REQUIRED WORK
Print the records below word for word, but leave out the pictures.

-------

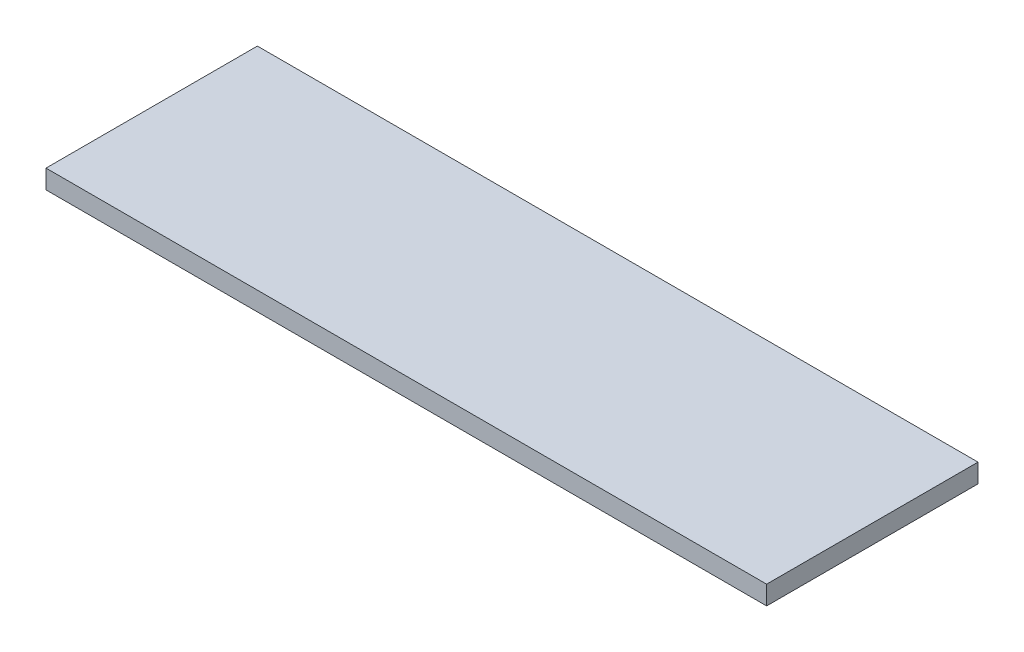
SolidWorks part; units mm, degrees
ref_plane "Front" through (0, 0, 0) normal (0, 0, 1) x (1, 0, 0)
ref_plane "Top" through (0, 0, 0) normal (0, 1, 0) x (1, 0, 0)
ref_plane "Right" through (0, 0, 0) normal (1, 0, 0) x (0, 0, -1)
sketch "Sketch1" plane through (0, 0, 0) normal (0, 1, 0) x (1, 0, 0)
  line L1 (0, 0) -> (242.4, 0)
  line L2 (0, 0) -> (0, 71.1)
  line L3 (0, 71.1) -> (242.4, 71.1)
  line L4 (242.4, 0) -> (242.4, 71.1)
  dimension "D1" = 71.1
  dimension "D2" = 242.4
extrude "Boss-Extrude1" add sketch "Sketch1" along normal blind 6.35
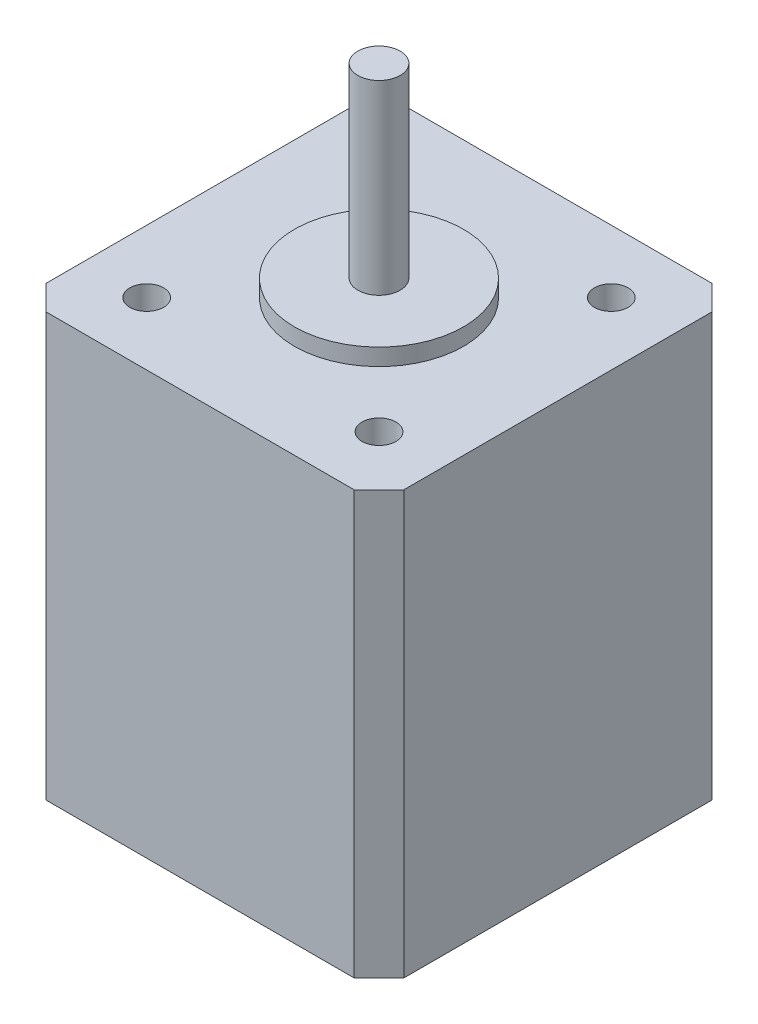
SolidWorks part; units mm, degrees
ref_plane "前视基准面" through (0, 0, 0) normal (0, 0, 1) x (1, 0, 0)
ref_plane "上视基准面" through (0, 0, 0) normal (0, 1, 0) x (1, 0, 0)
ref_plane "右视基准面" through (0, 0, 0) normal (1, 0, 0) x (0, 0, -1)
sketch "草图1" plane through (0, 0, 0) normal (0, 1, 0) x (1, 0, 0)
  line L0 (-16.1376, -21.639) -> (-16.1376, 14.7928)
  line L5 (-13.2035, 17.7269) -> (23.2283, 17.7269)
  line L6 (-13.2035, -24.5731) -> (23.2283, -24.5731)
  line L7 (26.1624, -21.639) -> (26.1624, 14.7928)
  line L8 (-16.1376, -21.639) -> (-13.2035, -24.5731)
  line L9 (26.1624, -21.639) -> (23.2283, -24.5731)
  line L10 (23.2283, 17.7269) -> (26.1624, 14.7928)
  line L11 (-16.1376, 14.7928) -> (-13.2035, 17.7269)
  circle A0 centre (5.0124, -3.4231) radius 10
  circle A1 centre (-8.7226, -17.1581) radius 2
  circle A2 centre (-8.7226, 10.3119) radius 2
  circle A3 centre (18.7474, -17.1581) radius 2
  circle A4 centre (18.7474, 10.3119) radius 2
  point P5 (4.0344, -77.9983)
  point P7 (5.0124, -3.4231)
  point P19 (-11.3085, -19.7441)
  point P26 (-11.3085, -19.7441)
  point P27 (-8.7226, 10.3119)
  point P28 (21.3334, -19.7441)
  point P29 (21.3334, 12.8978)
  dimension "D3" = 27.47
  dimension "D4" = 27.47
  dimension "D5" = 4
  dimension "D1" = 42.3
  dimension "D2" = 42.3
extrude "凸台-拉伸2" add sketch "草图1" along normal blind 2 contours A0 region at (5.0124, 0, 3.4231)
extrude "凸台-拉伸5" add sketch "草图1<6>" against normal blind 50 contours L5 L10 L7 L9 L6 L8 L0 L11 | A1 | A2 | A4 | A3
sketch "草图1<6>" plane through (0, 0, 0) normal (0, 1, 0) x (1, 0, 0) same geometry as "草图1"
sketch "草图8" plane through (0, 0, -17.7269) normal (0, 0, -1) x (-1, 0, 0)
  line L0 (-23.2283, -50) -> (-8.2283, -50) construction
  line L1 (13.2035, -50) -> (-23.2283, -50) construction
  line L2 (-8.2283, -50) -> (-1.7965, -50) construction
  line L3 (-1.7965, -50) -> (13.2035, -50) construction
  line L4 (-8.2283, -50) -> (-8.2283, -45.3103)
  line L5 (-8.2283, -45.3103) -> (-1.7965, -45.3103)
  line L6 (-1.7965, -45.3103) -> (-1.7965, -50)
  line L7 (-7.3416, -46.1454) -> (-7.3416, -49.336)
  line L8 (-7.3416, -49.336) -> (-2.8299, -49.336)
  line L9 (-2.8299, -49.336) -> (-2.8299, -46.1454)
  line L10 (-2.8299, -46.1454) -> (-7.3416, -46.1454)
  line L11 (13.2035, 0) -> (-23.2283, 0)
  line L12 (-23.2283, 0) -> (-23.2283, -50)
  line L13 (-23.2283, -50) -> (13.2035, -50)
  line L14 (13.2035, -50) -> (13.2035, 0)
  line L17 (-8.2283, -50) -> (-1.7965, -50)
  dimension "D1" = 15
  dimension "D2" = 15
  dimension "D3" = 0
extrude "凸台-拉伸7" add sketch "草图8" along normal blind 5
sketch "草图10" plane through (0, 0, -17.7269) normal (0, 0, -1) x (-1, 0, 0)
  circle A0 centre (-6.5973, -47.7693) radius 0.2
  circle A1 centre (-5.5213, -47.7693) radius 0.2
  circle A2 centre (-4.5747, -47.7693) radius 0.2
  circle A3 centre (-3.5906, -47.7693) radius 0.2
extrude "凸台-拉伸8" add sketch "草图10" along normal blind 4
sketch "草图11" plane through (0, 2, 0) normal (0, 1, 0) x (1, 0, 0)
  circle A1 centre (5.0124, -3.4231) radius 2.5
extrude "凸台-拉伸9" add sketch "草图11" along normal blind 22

-------

EXERCISE RESULT
SolidWorks part; units mm, degrees
ref_plane "Front" through (0, 0, 0) normal (0, 0, 1) x (1, 0, 0)
ref_plane "Top" through (0, 0, 0) normal (0, 1, 0) x (1, 0, 0)
ref_plane "Right" through (0, 0, 0) normal (1, 0, 0) x (0, 0, -1)
sketch "Sketch1" plane through (0, 0, 0) normal (0, 1, 0) x (1, 0, 0)
  line L1 (0, 0) -> (242.4, 0)
  line L2 (0, 0) -> (0, 71.1)
  line L3 (0, 71.1) -> (242.4, 71.1)
  line L4 (242.4, 0) -> (242.4, 71.1)
  dimension "D1" = 71.1
  dimension "D2" = 242.4
extrude "Boss-Extrude1" add sketch "Sketch1" along normal blind 6.35
SolidWorks part; units mm, degrees
ref_plane "前视基准面" through (0, 0, 0) normal (0, 0, 1) x (1, 0, 0)
ref_plane "上视基准面" through (0, 0, 0) normal (0, 1, 0) x (1, 0, 0)
ref_plane "右视基准面" through (0, 0, 0) normal (1, 0, 0) x (0, 0, -1)
sketch "草图1" plane through (0, 0, 0) normal (0, 1, 0) x (1, 0, 0)
  line L0 (-16.1376, -21.639) -> (-16.1376, 14.7928)
  line L5 (-13.2035, 17.7269) -> (23.2283, 17.7269)
  line L6 (-13.2035, -24.5731) -> (23.2283, -24.5731)
  line L7 (26.1624, -21.639) -> (26.1624, 14.7928)
  line L8 (-16.1376, -21.639) -> (-13.2035, -24.5731)
  line L9 (26.1624, -21.639) -> (23.2283, -24.5731)
  line L10 (23.2283, 17.7269) -> (26.1624, 14.7928)
  line L11 (-16.1376, 14.7928) -> (-13.2035, 17.7269)
  circle A0 centre (5.0124, -3.4231) radius 10
  circle A1 centre (-8.7226, -17.1581) radius 2
  circle A2 centre (-8.7226, 10.3119) radius 2
  circle A3 centre (18.7474, -17.1581) radius 2
  circle A4 centre (18.7474, 10.3119) radius 2
  point P5 (4.0344, -77.9983)
  point P7 (5.0124, -3.4231)
  point P19 (-11.3085, -19.7441)
  point P26 (-11.3085, -19.7441)
  point P27 (-8.7226, 10.3119)
  point P28 (21.3334, -19.7441)
  point P29 (21.3334, 12.8978)
  dimension "D3" = 27.47
  dimension "D4" = 27.47
  dimension "D5" = 4
  dimension "D1" = 42.3
  dimension "D2" = 42.3
extrude "凸台-拉伸2" add sketch "草图1" along normal blind 2 contours A0 region at (5.0124, 0, 3.4231)
extrude "凸台-拉伸5" add sketch "草图1<6>" against normal blind 50 contours L5 L10 L7 L9 L6 L8 L0 L11 | A1 | A2 | A4 | A3
sketch "草图1<6>" plane through (0, 0, 0) normal (0, 1, 0) x (1, 0, 0) same geometry as "草图1"
sketch "草图8" plane through (0, 0, -17.7269) normal (0, 0, -1) x (-1, 0, 0)
  line L0 (-23.2283, -50) -> (-8.2283, -50) construction
  line L1 (13.2035, -50) -> (-23.2283, -50) construction
  line L2 (-8.2283, -50) -> (-1.7965, -50) construction
  line L3 (-1.7965, -50) -> (13.2035, -50) construction
  line L4 (-8.2283, -50) -> (-8.2283, -45.3103)
  line L5 (-8.2283, -45.3103) -> (-1.7965, -45.3103)
  line L6 (-1.7965, -45.3103) -> (-1.7965, -50)
  line L7 (-7.3416, -46.1454) -> (-7.3416, -49.336)
  line L8 (-7.3416, -49.336) -> (-2.8299, -49.336)
  line L9 (-2.8299, -49.336) -> (-2.8299, -46.1454)
  line L10 (-2.8299, -46.1454) -> (-7.3416, -46.1454)
  line L11 (13.2035, 0) -> (-23.2283, 0)
  line L12 (-23.2283, 0) -> (-23.2283, -50)
  line L13 (-23.2283, -50) -> (13.2035, -50)
  line L14 (13.2035, -50) -> (13.2035, 0)
  line L17 (-8.2283, -50) -> (-1.7965, -50)
  dimension "D1" = 15
  dimension "D2" = 15
  dimension "D3" = 0
extrude "凸台-拉伸7" add sketch "草图8" along normal blind 5
sketch "草图10" plane through (0, 0, -17.7269) normal (0, 0, -1) x (-1, 0, 0)
  circle A0 centre (-6.5973, -47.7693) radius 0.2
  circle A1 centre (-5.5213, -47.7693) radius 0.2
  circle A2 centre (-4.5747, -47.7693) radius 0.2
  circle A3 centre (-3.5906, -47.7693) radius 0.2
extrude "凸台-拉伸8" add sketch "草图10" along normal blind 4
sketch "草图11" plane through (0, 2, 0) normal (0, 1, 0) x (1, 0, 0)
  circle A1 centre (5.0124, -3.4231) radius 2.5
extrude "凸台-拉伸9" add sketch "草图11" along normal blind 22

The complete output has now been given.